Task brief:
Your output should be the line with "- C1001, C1002: Voltage 50V -> 10V" followed by every remaining line of the entries, reproduced exactly.

Data supplied:
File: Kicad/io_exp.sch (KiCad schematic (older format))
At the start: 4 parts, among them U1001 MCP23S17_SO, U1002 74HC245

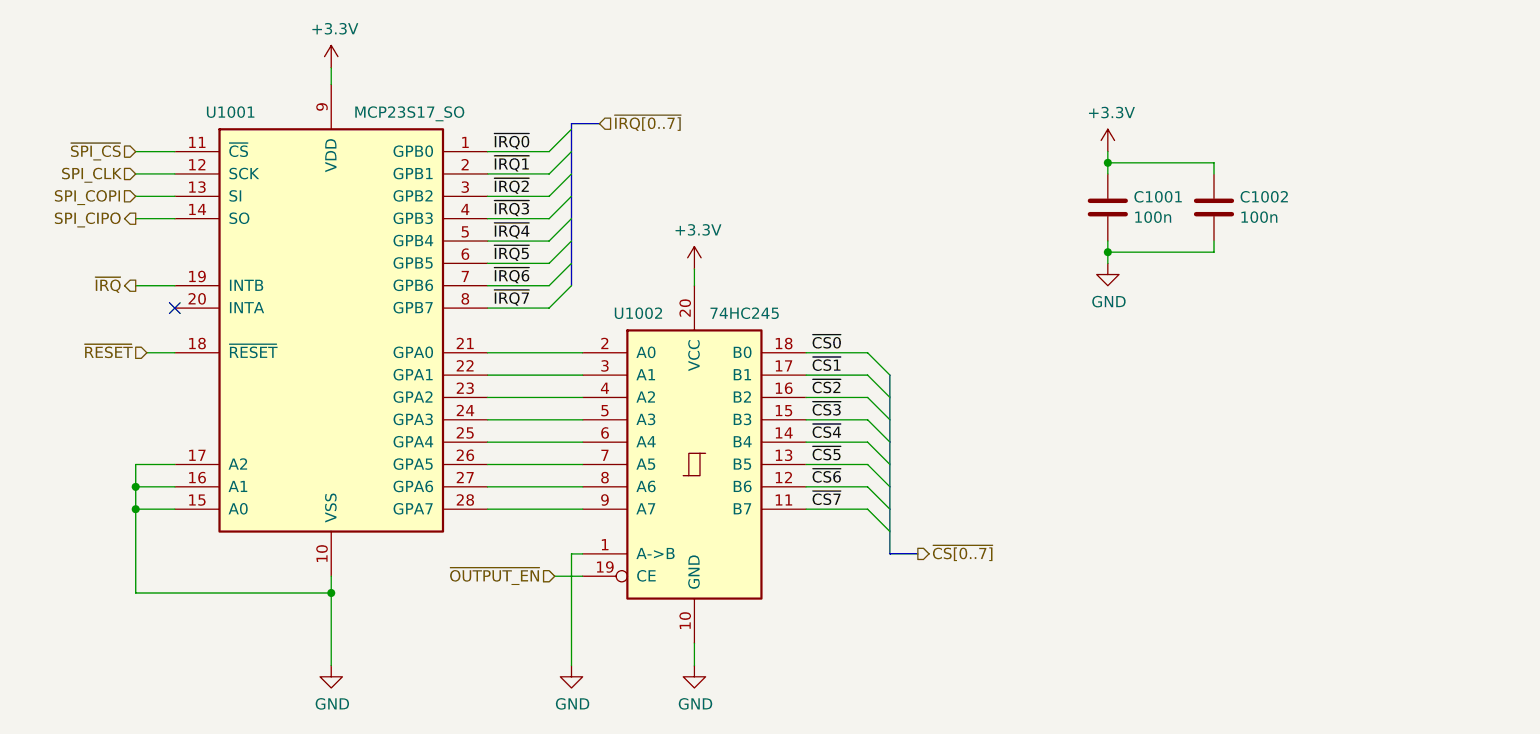
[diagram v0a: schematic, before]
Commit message: Tidy-ups.
) Rewired audio block to pico
) Clarified meaning of USB power jumper and gave better
warning about not plugging in power when jumper fitted.
) We can refer to components now our sheet numbers don't change - note
Q801 on powersupply sheet
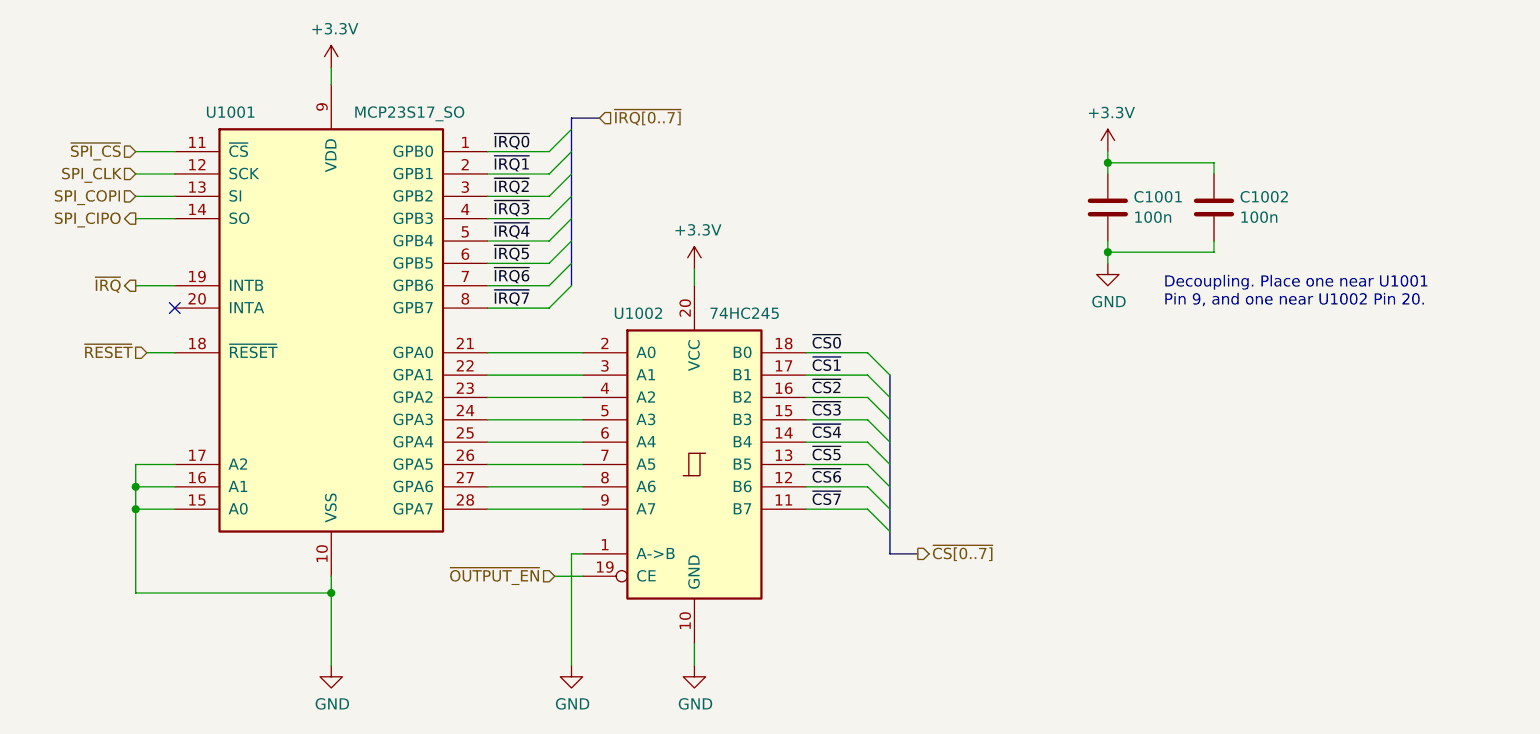
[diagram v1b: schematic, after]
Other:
- note added: "Decoupling. Place one near U1001\nPin 9, and one near U1002 Pin 20."
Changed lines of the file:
@@
 Wire Bus Line
 	6925 4050 7050 4050
-Text HLabel 5625 2125 2    50   Input ~ 0
+Text HLabel 5625 2100 2    50   Input ~ 0
 ~IRQ[0..7]
 Entry Wire Line
@@
 ~IRQ7
 Wire Bus Line
-	5500 2125 5625 2125
+	5500 2100 5625 2100
 $Comp
 L 74xx:74HC245 U1002
@@
 Wire Wire Line
 	7900 2700 7900 2750
-Wire Bus Line
-	5500 2125 5500 2850
+Text Notes 8150 2950 0    50   ~ 0
+Decoupling. Place one near U1001\nPin 9, and one near U1002 Pin 20.
+Wire Bus Line
+	5500 2100 5500 2850
 Wire Bus Line
 	6925 3250 6925 4050

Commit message: Switching some parts over to the CPL.
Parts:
- C1001, C1002: Digikey BC1150CT-ND -> (none); MPN K104K15X7RF5TL2 -> CPL-CAP-X7R-0805-100NF-50V; Manufacturer Vishay -> CPL; Mouser 594-K104K15X7RF5TL2 -> (none)
- U1001: DNP (none) -> 0; Digikey (none) -> MCP23S17T-E/SOCT-ND; MPN (none) -> MCP23S17T-E/SO; Manufacturer (none) -> Microchip
- U1002: DNP (none) -> 0; Digikey (none) -> 296-8278-1-ND; MPN (none) -> SN74HC245NSR; Manufacturer (none) -> Texas Instruments
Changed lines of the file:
@@
 F 2 "Package_SO:SOIC-28W_7.5x17.9mm_P1.27mm" H 4625 2050 50  0001 L CNN
 F 3 "http://ww1.microchip.com/downloads/en/DeviceDoc/20001952C.pdf" H 4625 1950 50  0001 L CNN
+F 4 "0" H 4425 3050 50  0001 C CNN "DNP"
+F 5 "MCP23S17T-E/SOCT-ND" H 4425 3050 50  0001 C CNN "Digikey"
+F 6 "MCP23S17T-E/SO" H 4425 3050 50  0001 C CNN "MPN"
+F 7 "Microchip" H 4425 3050 50  0001 C CNN "Manufacturer"
 	1    4425 3050
 	1    0    0    -1
@@
 F 2 "Package_SO:SO-20_12.8x7.5mm_P1.27mm" H 6050 3650 50  0001 C CNN
 F 3 "http://www.ti.com/lit/gpn/sn74HC245" H 6050 3650 50  0001 C CNN
+F 4 "0" H 6050 3650 50  0001 C CNN "DNP"
+F 5 "296-8278-1-ND" H 6050 3650 50  0001 C CNN "Digikey"
+F 6 "SN74HC245NSR" H 6050 3650 50  0001 C CNN "MPN"
+F 7 "Texas Instruments" H 6050 3650 50  0001 C CNN "Manufacturer"
 	1    6050 3650
 	1    0    0    -1
@@
 F 3 "~" H 7900 2500 50  0001 C CNN
 F 4 "0" H 7900 2500 50  0001 C CNN "DNP"
-F 5 "BC1150CT-ND" H 7900 2500 50  0001 C CNN "Digikey"
-F 6 "K104K15X7RF5TL2" H 7900 2500 50  0001 C CNN "MPN"
-F 7 "Vishay" H 7900 2500 50  0001 C CNN "Manufacturer"
-F 8 "594-K104K15X7RF5TL2" H 7900 2500 50  0001 C CNN "Mouser"
+F 5 "" H 7900 2500 50  0001 C CNN "Digikey"
+F 6 "CPL-CAP-X7R-0805-100NF-50V" H 7900 2500 50  0001 C CNN "MPN"
+F 7 "CPL" H 7900 2500 50  0001 C CNN "Manufacturer"
+F 8 "" H 7900 2500 50  0001 C CNN "Mouser"
 	1    7900 2500
 	1    0    0    -1
@@
 F 3 "~" H 8375 2500 50  0001 C CNN
 F 4 "0" H 8375 2500 50  0001 C CNN "DNP"
-F 5 "BC1150CT-ND" H 8375 2500 50  0001 C CNN "Digikey"
-F 6 "K104K15X7RF5TL2" H 8375 2500 50  0001 C CNN "MPN"
-F 7 "Vishay" H 8375 2500 50  0001 C CNN "Manufacturer"
-F 8 "594-K104K15X7RF5TL2" H 8375 2500 50  0001 C CNN "Mouser"
+F 5 "" H 8375 2500 50  0001 C CNN "Digikey"
+F 6 "CPL-CAP-X7R-0805-100NF-50V" H 8375 2500 50  0001 C CNN "MPN"
+F 7 "CPL" H 8375 2500 50  0001 C CNN "Manufacturer"
+F 8 "" H 8375 2500 50  0001 C CNN "Mouser"
 	1    8375 2500
 	1    0    0    -1

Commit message: Fixing some review comments.
* PCB has rounded corners.
* Add JLCPCB part numbers for SMT parts
* Fixed Fab layer
* Renumbered Slots
* Mounting holes do not have thermal relief

Closes #13 #12 and #10
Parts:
- C1001, C1002: LCSC Part# (none) -> C49678
- U1001: LCSC Part# (none) -> C145413
- U1002: LCSC Part# (none) -> C5625
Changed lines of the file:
@@
 F 6 "MCP23S17T-E/SO" H 4425 3050 50  0001 C CNN "MPN"
 F 7 "Microchip" H 4425 3050 50  0001 C CNN "Manufacturer"
+F 8 "C145413" H 4425 3050 50  0001 C CNN "LCSC Part#"
 	1    4425 3050
 	1    0    0    -1
@@
 F 6 "SN74HC245NSR" H 6050 3650 50  0001 C CNN "MPN"
 F 7 "Texas Instruments" H 6050 3650 50  0001 C CNN "Manufacturer"
+F 8 "C5625" H 6050 3650 50  0001 C CNN "LCSC Part#"
 	1    6050 3650
 	1    0    0    -1
@@
 F 7 "CPL" H 7900 2500 50  0001 C CNN "Manufacturer"
 F 8 "" H 7900 2500 50  0001 C CNN "Mouser"
+F 9 "C49678" H 7900 2500 50  0001 C CNN "LCSC Part#"
 	1    7900 2500
 	1    0    0    -1
@@
 F 7 "CPL" H 8375 2500 50  0001 C CNN "Manufacturer"
 F 8 "" H 8375 2500 50  0001 C CNN "Mouser"
+F 9 "C49678" H 8375 2500 50  0001 C CNN "LCSC Part#"
 	1    8375 2500
 	1    0    0    -1

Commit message: BoM and PCB fixes.
* Move tolerances and voltages out of value and into their own fields.
* Fix 5V trace for audio stage.
* Fixup docs.yml so outputs work for JLCPCB.
* Fix JLCPCB part number for 22pF caps.
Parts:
- C1001, C1002: value 100n -> 100nF
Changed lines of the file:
@@
 AR Path="/6069D32A/60F34F63" Ref="C1001"  Part="1"
 F 0 "C1001" H 8015 2546 50  0000 L CNN
-F 1 "100n" H 8015 2455 50  0000 L CNN
+F 1 "100nF" H 8015 2455 50  0000 L CNN
 F 2 "Capacitor_SMD:C_0805_2012Metric_Pad1.18x1.45mm_HandSolder" H 7938 2350 50  0001 C CNN
 F 3 "~" H 7900 2500 50  0001 C CNN
@@
 AR Path="/6069D32A/60F36BE4" Ref="C1002"  Part="1"
 F 0 "C1002" H 8490 2546 50  0000 L CNN
-F 1 "100n" H 8490 2455 50  0000 L CNN
+F 1 "100nF" H 8490 2455 50  0000 L CNN
 F 2 "Capacitor_SMD:C_0805_2012Metric_Pad1.18x1.45mm_HandSolder" H 8413 2350 50  0001 C CNN
 F 3 "~" H 8375 2500 50  0001 C CNN

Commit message: Update component values.
Tolerance and Voltage are set to the minimum acceptable. The selected
parts can be better, where a better part is cheaper or has
better availability.

Also dropped R2R DAC tolerance to 1% - 0.5% was overkill. The output
resistor had the wrong value too, which is fixed.
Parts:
- C1001, C1002: Tolerance (none) -> X5R; Voltage (none) -> 50V
- U1002: Mouser (none) -> 595-SN74HC245NSR
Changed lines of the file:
@@
 F 7 "Microchip" H 4425 3050 50  0001 C CNN "Manufacturer"
 F 8 "C145413" H 4425 3050 50  0001 C CNN "LCSC Part#"
+F 9 "~" H 4425 3050 50  0001 C CNN "Mouser"
+F 10 "~" H 4425 3050 50  0001 C CNN "Tolerance"
+F 11 "~" H 4425 3050 50  0001 C CNN "Voltage"
 	1    4425 3050
 	1    0    0    -1
@@
 F 7 "Texas Instruments" H 6050 3650 50  0001 C CNN "Manufacturer"
 F 8 "C5625" H 6050 3650 50  0001 C CNN "LCSC Part#"
+F 9 "595-SN74HC245NSR" H 6050 3650 50  0001 C CNN "Mouser"
+F 10 "~" H 6050 3650 50  0001 C CNN "Tolerance"
+F 11 "~" H 6050 3650 50  0001 C CNN "Voltage"
 	1    6050 3650
 	1    0    0    -1
@@
 F 3 "~" H 7900 2500 50  0001 C CNN
 F 4 "0" H 7900 2500 50  0001 C CNN "DNP"
-F 5 "" H 7900 2500 50  0001 C CNN "Digikey"
+F 5 "~" H 7900 2500 50  0001 C CNN "Digikey"
 F 6 "CPL-CAP-X7R-0805-100NF-50V" H 7900 2500 50  0001 C CNN "MPN"
 F 7 "CPL" H 7900 2500 50  0001 C CNN "Manufacturer"
-F 8 "" H 7900 2500 50  0001 C CNN "Mouser"
+F 8 "~" H 7900 2500 50  0001 C CNN "Mouser"
 F 9 "C49678" H 7900 2500 50  0001 C CNN "LCSC Part#"
+F 10 "X5R" H 7900 2500 50  0001 C CNN "Tolerance"
+F 11 "50V" H 7900 2500 50  0001 C CNN "Voltage"
 	1    7900 2500
 	1    0    0    -1
@@
 F 3 "~" H 8375 2500 50  0001 C CNN
 F 4 "0" H 8375 2500 50  0001 C CNN "DNP"
-F 5 "" H 8375 2500 50  0001 C CNN "Digikey"
+F 5 "~" H 8375 2500 50  0001 C CNN "Digikey"
 F 6 "CPL-CAP-X7R-0805-100NF-50V" H 8375 2500 50  0001 C CNN "MPN"
 F 7 "CPL" H 8375 2500 50  0001 C CNN "Manufacturer"
-F 8 "" H 8375 2500 50  0001 C CNN "Mouser"
+F 8 "~" H 8375 2500 50  0001 C CNN "Mouser"
 F 9 "C49678" H 8375 2500 50  0001 C CNN "LCSC Part#"
+F 10 "X5R" H 8375 2500 50  0001 C CNN "Tolerance"
+F 11 "50V" H 8375 2500 50  0001 C CNN "Voltage"
 	1    8375 2500
 	1    0    0    -1

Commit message: Drop capacitor voltage ratings where possible.
Audio circuit is 1V RMS, so 6.3V is fine.
Use 10V for 3.3V circuits.
Use 16V for 5.0V circuits.
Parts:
- C1001, C1002: Voltage 50V -> 10V
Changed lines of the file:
@@
 F 9 "C49678" H 7900 2500 50  0001 C CNN "LCSC Part#"
 F 10 "X5R" H 7900 2500 50  0001 C CNN "Tolerance"
-F 11 "50V" H 7900 2500 50  0001 C CNN "Voltage"
+F 11 "10V" H 7900 2500 50  0001 C CNN "Voltage"
 	1    7900 2500
 	1    0    0    -1
@@
 F 9 "C49678" H 8375 2500 50  0001 C CNN "LCSC Part#"
 F 10 "X5R" H 8375 2500 50  0001 C CNN "Tolerance"
-F 11 "50V" H 8375 2500 50  0001 C CNN "Voltage"
+F 11 "10V" H 8375 2500 50  0001 C CNN "Voltage"
 	1    8375 2500
 	1    0    0    -1

Solution for this task:
- C1001, C1002: Voltage 50V -> 10V
Changed lines of the file:
@@
 F 9 "C49678" H 7900 2500 50  0001 C CNN "LCSC Part#"
 F 10 "X5R" H 7900 2500 50  0001 C CNN "Tolerance"
-F 11 "50V" H 7900 2500 50  0001 C CNN "Voltage"
+F 11 "10V" H 7900 2500 50  0001 C CNN "Voltage"
 	1    7900 2500
 	1    0    0    -1
@@
 F 9 "C49678" H 8375 2500 50  0001 C CNN "LCSC Part#"
 F 10 "X5R" H 8375 2500 50  0001 C CNN "Tolerance"
-F 11 "50V" H 8375 2500 50  0001 C CNN "Voltage"
+F 11 "10V" H 8375 2500 50  0001 C CNN "Voltage"
 	1    8375 2500
 	1    0    0    -1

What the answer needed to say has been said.